If you’re getting ‘Out Of Memory’ errors in Spark, read on…
The driver is the process where your main method runs. It takes your script; cuts it up into tasks and farms them out to executors (the worker nodes). They workers are launched at the beginning of a Spark application and usually run the full lifetime of the application. They execute the tasks they’re given and send their results back to the driver. So what happens (in order) is this:
- You submit your application
- The Spark Session is created
- The driver requests resources from YARN
- The driver checks your application & sends jobs to executors
- Executors execute the jobs and save the results
- Executor memory 512 mb
The executor memory parameter tells us how much memory each executor (worker node) will be able to utilize. By default it’s 512MB; which may not sound like a lot, but when you run on a multi-node cluster with a tonne of executors, it’s really does add up. That said, we can tune our executor memory, for example, in the below, I have set it to 70GB.

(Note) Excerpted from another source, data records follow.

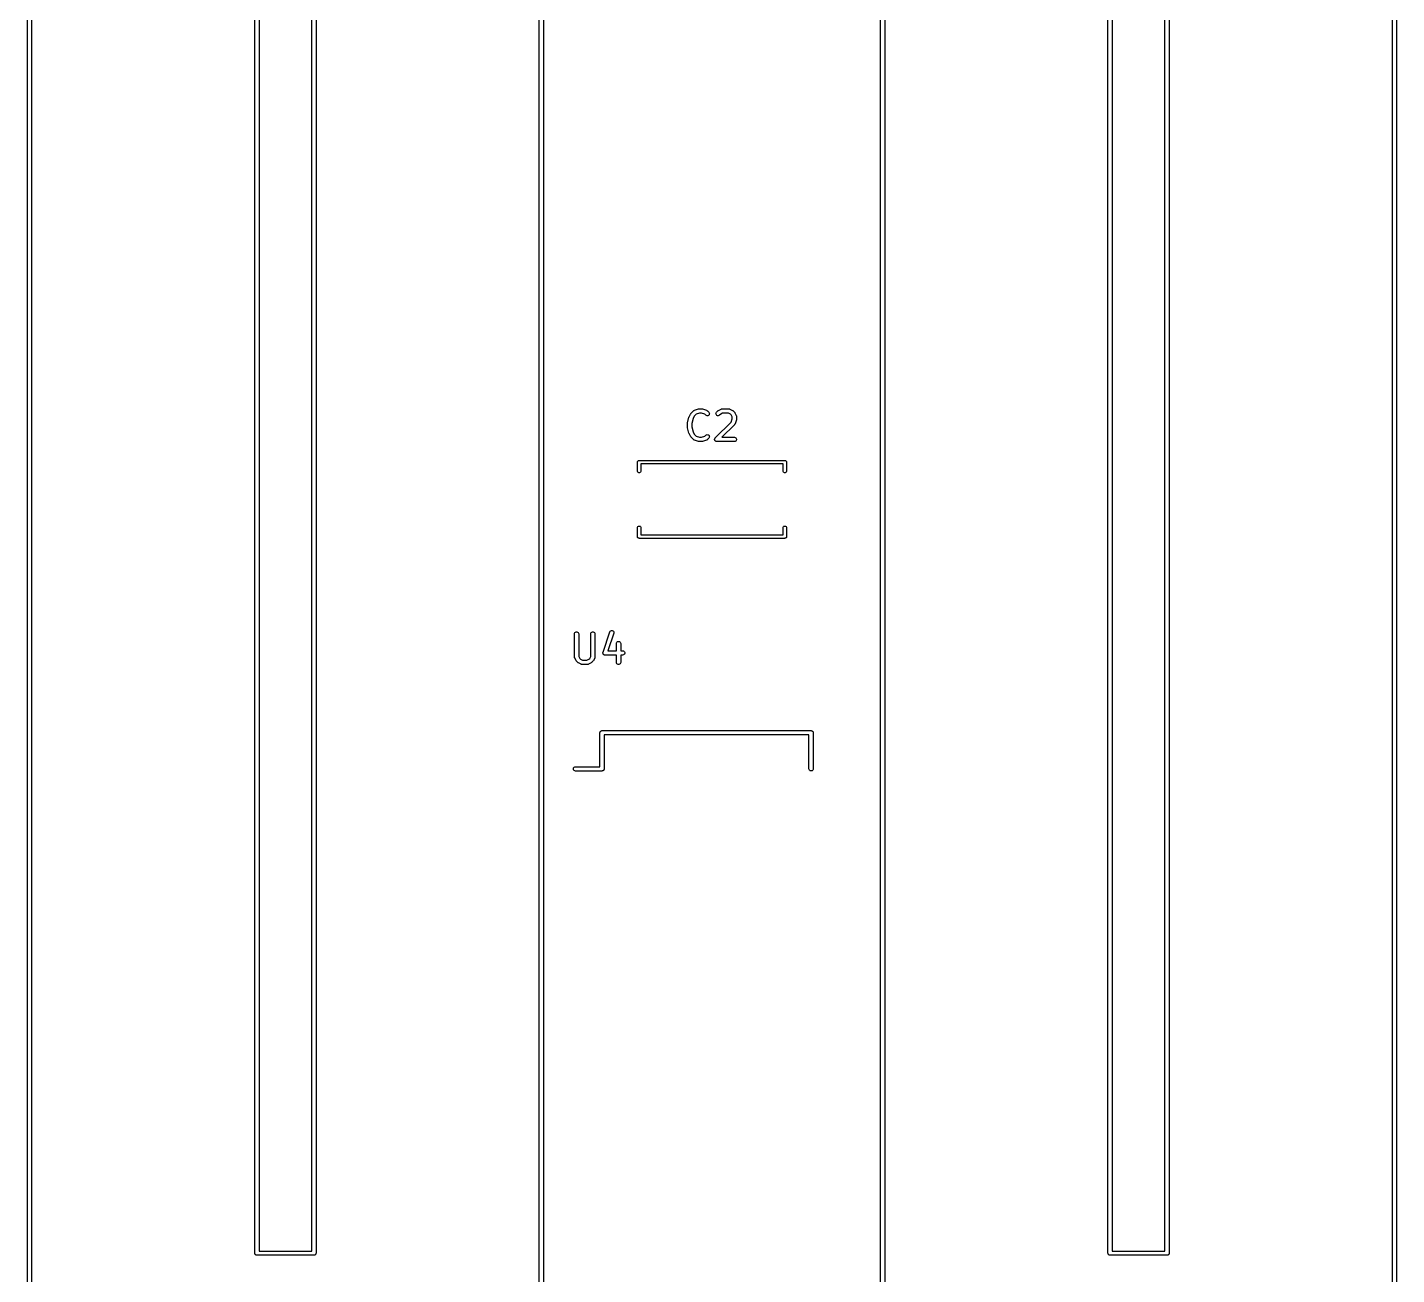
# Model space of a CAD drawing. Extents: x 86 to 333, y -237 to -29.
# Drawn here: x 155.93 to 204.07, y -213.25 to -169.41 of the extents above; entities that cross this region are included whole.
import ezdxf

# ---------------------------------------------------------------- set-up
doc = ezdxf.new("R2010")
doc.units = 0
doc.header["$MEASUREMENT"] = 0
doc.layers.add('BLACK', color=7, linetype='CONTINUOUS')

msp = doc.modelspace()

# ---------------------------------------------------------------- linework, layer by layer
at = {"layer": 'Black'}
for p, q in [((185.925, -229), (185.925, -82.5)), ((186.075, -82.575), (186.075, -228.925)), ((163.925, -212.5), (163.925, -102.5)), ((166.075, -102.5), (166.075, -212.5)), ((193.925, -212.5), (193.925, -102.5)), ((196.075, -102.5), (196.075, -212.5)), ((164.075, -102.575), (164.075, -212.425)), ((165.925, -212.425), (165.925, -102.575)), ((194.075, -102.575), (194.075, -212.425)), ((195.925, -212.425), (195.925, -102.575)), ((155.925, -229), (155.925, -129.394)), ((156.075, -129.394), (156.075, -228.925)), ((173.925, -228.925), (173.925, -156.5)), ((174.075, -156.5), (174.075, -229)), ((203.925, -228.925), (203.925, -156.5)), ((204.075, -156.5), (204.075, -229)), ((179.256, -182.982), (179.352, -182.887)), ((179.352, -182.887), (179.355, -182.884)), ((179.355, -182.884), (179.358, -182.881)), ((179.358, -182.881), (179.366, -182.877)), ((179.366, -182.877), (179.373, -182.872)), ((179.373, -182.872), (179.377, -182.871)), ((179.377, -182.871), (179.381, -182.869)), ((179.381, -182.869), (179.524, -182.821)), ((179.56, -182.967), (179.445, -183.006)), ((179.524, -182.821), (179.536, -182.819)), ((179.536, -182.819), (179.548, -182.817)), ((179.548, -182.817), (179.643, -182.817)), ((179.631, -182.967), (179.56, -182.967)), ((179.745, -183.006), (179.631, -182.967)), ((179.643, -182.817), (179.655, -182.819)), ((179.655, -182.819), (179.667, -182.821)), ((179.667, -182.821), (179.809, -182.869)), ((179.809, -182.869), (179.813, -182.871)), ((179.813, -182.871), (179.817, -182.872)), ((179.817, -182.872), (179.825, -182.877)), ((179.825, -182.877), (179.832, -182.881)), ((179.832, -182.881), (179.835, -182.884)), ((179.835, -182.884), (179.839, -182.887)), ((179.839, -182.887), (179.886, -182.935)), ((179.886, -182.935), (179.901, -182.956)), ((179.901, -182.956), (179.908, -182.981)), ((180.14, -182.981), (180.146, -182.956)), ((180.146, -182.956), (180.161, -182.935)), ((180.161, -182.935), (180.209, -182.887)), ((180.209, -182.887), (180.219, -182.88)), ((180.219, -182.88), (180.228, -182.873)), ((180.228, -182.873), (180.324, -182.825)), ((180.375, -182.967), (180.306, -183.002)), ((180.324, -182.825), (180.328, -182.824)), ((180.328, -182.824), (180.331, -182.822)), ((180.331, -182.822), (180.34, -182.82)), ((180.34, -182.82), (180.349, -182.818)), ((180.349, -182.818), (180.353, -182.818)), ((180.353, -182.818), (180.357, -182.817)), ((180.357, -182.817), (180.595, -182.817)), ((180.578, -182.967), (180.375, -182.967)), ((180.646, -183.002), (180.578, -182.967)), ((180.595, -182.817), (180.599, -182.818)), ((180.599, -182.818), (180.604, -182.818)), ((180.604, -182.818), (180.612, -182.82)), ((180.612, -182.82), (180.621, -182.822)), ((180.621, -182.822), (180.625, -182.824)), ((180.625, -182.824), (180.629, -182.825)), ((180.629, -182.825), (180.724, -182.873)), ((180.724, -182.873), (180.734, -182.88)), ((180.734, -182.88), (180.744, -182.887)), ((180.744, -182.887), (180.791, -182.935)), ((180.791, -182.935), (180.798, -182.944)), ((180.798, -182.944), (180.805, -182.954)), ((180.805, -182.954), (180.853, -183.049)), ((179.139, -183.321), (179.141, -183.312)), ((179.139, -183.464), (179.139, -183.321)), ((179.141, -183.312), (179.142, -183.303)), ((179.142, -183.303), (179.189, -183.112)), ((179.189, -183.112), (179.192, -183.105)), ((179.192, -183.105), (179.195, -183.097)), ((179.195, -183.097), (179.242, -183.002)), ((179.242, -183.002), (179.25, -182.992)), ((179.25, -182.992), (179.256, -182.982)), ((179.333, -183.157), (179.289, -183.33)), ((179.289, -183.33), (179.289, -183.455)), ((179.371, -183.08), (179.333, -183.157)), ((179.445, -183.006), (179.371, -183.08)), ((179.78, -183.041), (179.745, -183.006)), ((179.802, -183.056), (179.78, -183.041)), ((179.827, -183.062), (179.802, -183.056)), ((179.853, -183.06), (179.827, -183.062)), ((179.876, -183.049), (179.853, -183.06)), ((179.895, -183.031), (179.876, -183.049)), ((179.906, -183.007), (179.895, -183.031)), ((179.908, -182.981), (179.906, -183.007)), ((180.114, -183.839), (180.673, -183.28)), ((180.142, -183.007), (180.14, -182.981)), ((180.153, -183.031), (180.142, -183.007)), ((180.171, -183.049), (180.153, -183.031)), ((180.195, -183.06), (180.171, -183.049)), ((180.221, -183.062), (180.195, -183.06)), ((180.246, -183.056), (180.221, -183.062)), ((180.267, -183.041), (180.246, -183.056)), ((180.306, -183.002), (180.267, -183.041)), ((180.791, -183.374), (180.348, -183.817)), ((180.676, -183.032), (180.646, -183.002)), ((180.673, -183.28), (180.711, -183.166)), ((180.711, -183.101), (180.676, -183.032)), ((180.711, -183.166), (180.711, -183.101)), ((180.794, -183.37), (180.791, -183.374)), ((180.797, -183.368), (180.794, -183.37)), ((180.801, -183.36), (180.797, -183.368)), ((180.806, -183.353), (180.801, -183.36)), ((180.807, -183.348), (180.806, -183.353)), ((180.809, -183.345), (180.807, -183.348)), ((180.857, -183.202), (180.809, -183.345)), ((180.853, -183.049), (180.854, -183.053)), ((180.854, -183.053), (180.856, -183.057)), ((180.856, -183.057), (180.858, -183.066)), ((180.859, -183.19), (180.857, -183.202)), ((180.858, -183.066), (180.86, -183.074)), ((180.861, -183.178), (180.859, -183.19)), ((180.86, -183.074), (180.86, -183.079)), ((180.86, -183.079), (180.861, -183.083)), ((180.861, -183.083), (180.861, -183.178)), ((179.141, -183.473), (179.139, -183.464)), ((179.142, -183.482), (179.141, -183.473)), ((179.189, -183.672), (179.142, -183.482)), ((179.192, -183.68), (179.189, -183.672)), ((179.195, -183.688), (179.192, -183.68)), ((179.242, -183.783), (179.195, -183.688)), ((179.25, -183.793), (179.242, -183.783)), ((179.256, -183.803), (179.25, -183.793)), ((179.352, -183.898), (179.256, -183.803)), ((179.289, -183.455), (179.333, -183.628)), ((179.333, -183.628), (179.371, -183.705)), ((179.355, -183.9), (179.352, -183.898)), ((179.358, -183.904), (179.355, -183.9)), ((179.366, -183.908), (179.358, -183.904)), ((179.373, -183.913), (179.366, -183.908)), ((179.371, -183.705), (179.445, -183.779)), ((179.377, -183.914), (179.373, -183.913)), ((179.381, -183.916), (179.377, -183.914)), ((179.524, -183.964), (179.381, -183.916)), ((179.445, -183.779), (179.56, -183.817)), ((179.56, -183.817), (179.631, -183.817)), ((179.631, -183.817), (179.745, -183.779)), ((179.809, -183.916), (179.667, -183.964)), ((179.745, -183.779), (179.78, -183.744)), ((179.78, -183.744), (179.802, -183.729)), ((179.802, -183.729), (179.827, -183.722)), ((179.813, -183.914), (179.809, -183.916)), ((179.817, -183.913), (179.813, -183.914)), ((179.825, -183.908), (179.817, -183.913)), ((179.832, -183.904), (179.825, -183.908)), ((179.827, -183.722), (179.853, -183.725)), ((179.835, -183.9), (179.832, -183.904)), ((179.839, -183.898), (179.835, -183.9)), ((179.886, -183.85), (179.839, -183.898)), ((179.853, -183.725), (179.876, -183.736)), ((179.876, -183.736), (179.895, -183.754)), ((179.901, -183.829), (179.886, -183.85)), ((179.895, -183.754), (179.906, -183.778)), ((179.908, -183.804), (179.901, -183.829)), ((179.906, -183.778), (179.908, -183.804)), ((180.092, -183.886), (180.093, -183.883)), ((180.093, -183.896), (180.092, -183.886)), ((180.093, -183.879), (180.096, -183.87)), ((180.093, -183.883), (180.093, -183.879)), ((180.093, -183.905), (180.093, -183.896)), ((180.094, -183.909), (180.093, -183.905)), ((180.094, -183.912), (180.094, -183.909)), ((180.098, -183.921), (180.094, -183.912)), ((180.096, -183.87), (180.099, -183.861)), ((180.102, -183.93), (180.098, -183.921)), ((180.099, -183.861), (180.101, -183.858)), ((180.101, -183.858), (180.102, -183.855)), ((180.102, -183.855), (180.108, -183.847)), ((180.104, -183.932), (180.102, -183.93)), ((180.105, -183.935), (180.104, -183.932)), ((180.108, -183.847), (180.114, -183.839)), ((180.348, -183.817), (180.786, -183.817)), ((180.786, -183.817), (180.811, -183.822)), ((180.811, -183.822), (180.834, -183.835)), ((180.834, -183.835), (180.851, -183.855)), ((180.851, -183.93), (180.834, -183.95)), ((180.851, -183.855), (180.86, -183.879)), ((180.86, -183.905), (180.851, -183.93)), ((180.86, -183.879), (180.86, -183.905)), ((179.536, -183.965), (179.524, -183.964)), ((179.548, -183.967), (179.536, -183.965)), ((179.643, -183.967), (179.548, -183.967)), ((179.655, -183.965), (179.643, -183.967)), ((179.667, -183.964), (179.655, -183.965)), ((180.112, -183.942), (180.105, -183.935)), ((180.118, -183.95), (180.112, -183.942)), ((180.121, -183.951), (180.118, -183.95)), ((180.124, -183.954), (180.121, -183.951)), ((180.133, -183.958), (180.124, -183.954)), ((180.141, -183.963), (180.133, -183.958)), ((180.144, -183.963), (180.141, -183.963)), ((180.147, -183.965), (180.144, -183.963)), ((180.157, -183.966), (180.147, -183.965)), ((180.167, -183.967), (180.157, -183.966)), ((180.786, -183.967), (180.167, -183.967)), ((180.811, -183.963), (180.786, -183.967)), ((180.834, -183.95), (180.811, -183.963)), ((177.38, -184.69), (177.381, -184.685)), ((177.38, -185.004), (177.38, -184.69)), ((177.381, -184.68), (177.383, -184.675)), ((177.381, -184.685), (177.381, -184.68)), ((177.383, -184.675), (177.384, -184.669)), ((177.384, -184.669), (177.386, -184.665)), ((177.386, -184.665), (177.388, -184.66)), ((177.388, -184.66), (177.391, -184.656)), ((177.391, -184.656), (177.394, -184.651)), ((177.394, -184.651), (177.398, -184.648)), ((177.398, -184.648), (177.401, -184.644)), ((177.401, -184.644), (177.406, -184.641)), ((177.406, -184.641), (177.41, -184.638)), ((177.41, -184.638), (177.415, -184.636)), ((177.415, -184.636), (177.419, -184.634)), ((177.419, -184.634), (177.425, -184.633)), ((177.425, -184.633), (177.43, -184.631)), ((177.43, -184.631), (177.435, -184.631)), ((177.435, -184.631), (177.44, -184.63)), ((177.44, -184.63), (182.56, -184.63)), ((182.5, -184.75), (177.5, -184.75)), ((177.5, -184.75), (177.5, -185.004)), ((182.5, -185.004), (182.5, -184.75)), ((182.56, -184.63), (182.565, -184.631)), ((182.565, -184.631), (182.57, -184.631)), ((182.57, -184.631), (182.575, -184.633)), ((182.575, -184.633), (182.581, -184.634)), ((182.581, -184.634), (182.585, -184.636)), ((182.585, -184.636), (182.59, -184.638)), ((182.59, -184.638), (182.594, -184.641)), ((182.594, -184.641), (182.599, -184.644)), ((182.599, -184.644), (182.602, -184.648)), ((182.602, -184.648), (182.606, -184.651)), ((182.606, -184.651), (182.609, -184.656)), ((182.609, -184.656), (182.612, -184.66)), ((182.612, -184.66), (182.614, -184.665)), ((182.614, -184.665), (182.616, -184.669)), ((182.616, -184.669), (182.617, -184.675)), ((182.617, -184.675), (182.619, -184.68)), ((182.619, -184.68), (182.619, -184.685)), ((182.619, -184.685), (182.62, -184.69)), ((182.62, -184.69), (182.62, -185.004)), ((177.384, -185.025), (177.38, -185.004)), ((177.394, -185.043), (177.384, -185.025)), ((177.41, -185.056), (177.394, -185.043)), ((177.43, -185.063), (177.41, -185.056)), ((177.45, -185.063), (177.43, -185.063)), ((177.47, -185.056), (177.45, -185.063)), ((177.486, -185.043), (177.47, -185.056)), ((177.496, -185.025), (177.486, -185.043)), ((177.5, -185.004), (177.496, -185.025)), ((182.504, -185.025), (182.5, -185.004)), ((182.514, -185.043), (182.504, -185.025)), ((182.53, -185.056), (182.514, -185.043)), ((182.55, -185.063), (182.53, -185.056)), ((182.57, -185.063), (182.55, -185.063)), ((182.59, -185.056), (182.57, -185.063)), ((182.606, -185.043), (182.59, -185.056)), ((182.616, -185.025), (182.606, -185.043)), ((182.62, -185.004), (182.616, -185.025)), ((177.38, -186.996), (177.384, -186.975)), ((177.38, -187.31), (177.38, -186.996)), ((177.384, -186.975), (177.394, -186.957)), ((177.394, -186.957), (177.41, -186.944)), ((177.41, -186.944), (177.43, -186.937)), ((177.43, -186.937), (177.45, -186.937)), ((177.45, -186.937), (177.47, -186.944)), ((177.47, -186.944), (177.486, -186.957)), ((177.486, -186.957), (177.496, -186.975)), ((177.496, -186.975), (177.5, -186.996)), ((177.5, -186.996), (177.5, -187.25)), ((177.5, -187.25), (182.5, -187.25)), ((182.5, -186.996), (182.504, -186.975)), ((182.5, -187.25), (182.5, -186.996)), ((182.504, -186.975), (182.514, -186.957)), ((182.514, -186.957), (182.53, -186.944)), ((182.53, -186.944), (182.55, -186.937)), ((182.55, -186.937), (182.57, -186.937)), ((182.57, -186.937), (182.59, -186.944)), ((182.59, -186.944), (182.606, -186.957)), ((182.606, -186.957), (182.616, -186.975)), ((182.616, -186.975), (182.62, -186.996)), ((182.62, -186.996), (182.62, -187.31)), ((177.381, -187.315), (177.38, -187.31)), ((177.381, -187.32), (177.381, -187.315)), ((177.383, -187.325), (177.381, -187.32)), ((177.384, -187.331), (177.383, -187.325)), ((177.386, -187.335), (177.384, -187.331)), ((177.388, -187.34), (177.386, -187.335)), ((177.391, -187.344), (177.388, -187.34)), ((177.394, -187.349), (177.391, -187.344)), ((177.398, -187.352), (177.394, -187.349)), ((177.401, -187.356), (177.398, -187.352)), ((177.406, -187.359), (177.401, -187.356)), ((177.41, -187.362), (177.406, -187.359)), ((177.415, -187.364), (177.41, -187.362)), ((177.419, -187.366), (177.415, -187.364)), ((177.425, -187.367), (177.419, -187.366)), ((177.43, -187.369), (177.425, -187.367)), ((177.435, -187.369), (177.43, -187.369)), ((177.44, -187.37), (177.435, -187.369)), ((182.56, -187.37), (177.44, -187.37)), ((182.565, -187.369), (182.56, -187.37)), ((182.57, -187.369), (182.565, -187.369)), ((182.575, -187.367), (182.57, -187.369)), ((182.581, -187.366), (182.575, -187.367)), ((182.585, -187.364), (182.581, -187.366)), ((182.59, -187.362), (182.585, -187.364)), ((182.594, -187.359), (182.59, -187.362)), ((182.599, -187.356), (182.594, -187.359)), ((182.602, -187.352), (182.599, -187.356)), ((182.606, -187.349), (182.602, -187.352)), ((182.609, -187.344), (182.606, -187.349)), ((182.612, -187.34), (182.609, -187.344)), ((182.614, -187.335), (182.612, -187.34)), ((182.616, -187.331), (182.614, -187.335)), ((182.617, -187.325), (182.616, -187.331)), ((182.619, -187.32), (182.617, -187.325)), ((182.62, -187.31), (182.619, -187.315)), ((182.619, -187.315), (182.619, -187.32)), ((175.181, -190.684), (175.201, -190.667)), ((175.201, -190.667), (175.225, -190.659)), ((175.225, -190.659), (175.251, -190.659)), ((175.251, -190.659), (175.276, -190.667)), ((175.276, -190.667), (175.296, -190.684)), ((175.752, -190.684), (175.772, -190.667)), ((175.772, -190.667), (175.796, -190.659)), ((175.796, -190.659), (175.823, -190.659)), ((175.823, -190.659), (175.847, -190.667)), ((175.847, -190.667), (175.867, -190.684)), ((176.167, -191.375), (176.405, -190.661)), ((176.405, -190.661), (176.417, -190.638)), ((176.417, -190.638), (176.437, -190.621)), ((176.437, -190.621), (176.461, -190.611)), ((176.461, -190.611), (176.487, -190.611)), ((176.487, -190.611), (176.512, -190.619)), ((176.512, -190.619), (176.532, -190.635)), ((176.532, -190.635), (176.546, -190.657)), ((176.546, -190.657), (176.551, -190.683)), ((175.163, -190.732), (175.168, -190.707)), ((175.163, -191.542), (175.163, -190.732)), ((175.168, -190.707), (175.181, -190.684)), ((175.296, -190.684), (175.309, -190.707)), ((175.309, -190.707), (175.313, -190.732)), ((175.313, -190.732), (175.313, -191.524)), ((175.735, -190.732), (175.739, -190.707)), ((175.735, -191.524), (175.735, -190.732)), ((175.739, -190.707), (175.752, -190.684)), ((175.867, -190.684), (175.88, -190.707)), ((175.88, -190.707), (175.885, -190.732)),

spark-submit –executor-memory 70g
We can do the same for the driver memory (which of course is the amount of memory the driver can consume). This defaults to 1GB, but we can overwrite it (in this example to 40GB) like below:
spark-submit –driver-memory 40g
No Module Named PySpark?
When you’ve been running PySpark jobs successfully for ages and you know that PySpark is installed on your cluster and then you try to run something a bit different (in my case, it was adding a UDF to my script for the first time), you may get this error.
This error means, your environment isn’t configured correctly – there is one (or more) machines in the cluster that may not have the required libraries. You can test this by running your script in client mode. If it runs, you’ve got an inconsistent environment.
spark-submit –master yarn –deploy-mode client
Take a timeout!
And, if you’re getting network timeout errors…
The network timeout parameter is the maximum amount of time permitted for network interactions. This defaults to 120 seconds, but in some cases you may experience a timeout script error. This can be simply rectified by adding the below to your spark-submit.
spark-submit –conf spark.network.timeout=800
I’ll keep this updated!
I’ll keep this list updated with more common errors as I run into them. I hope it was a useful read.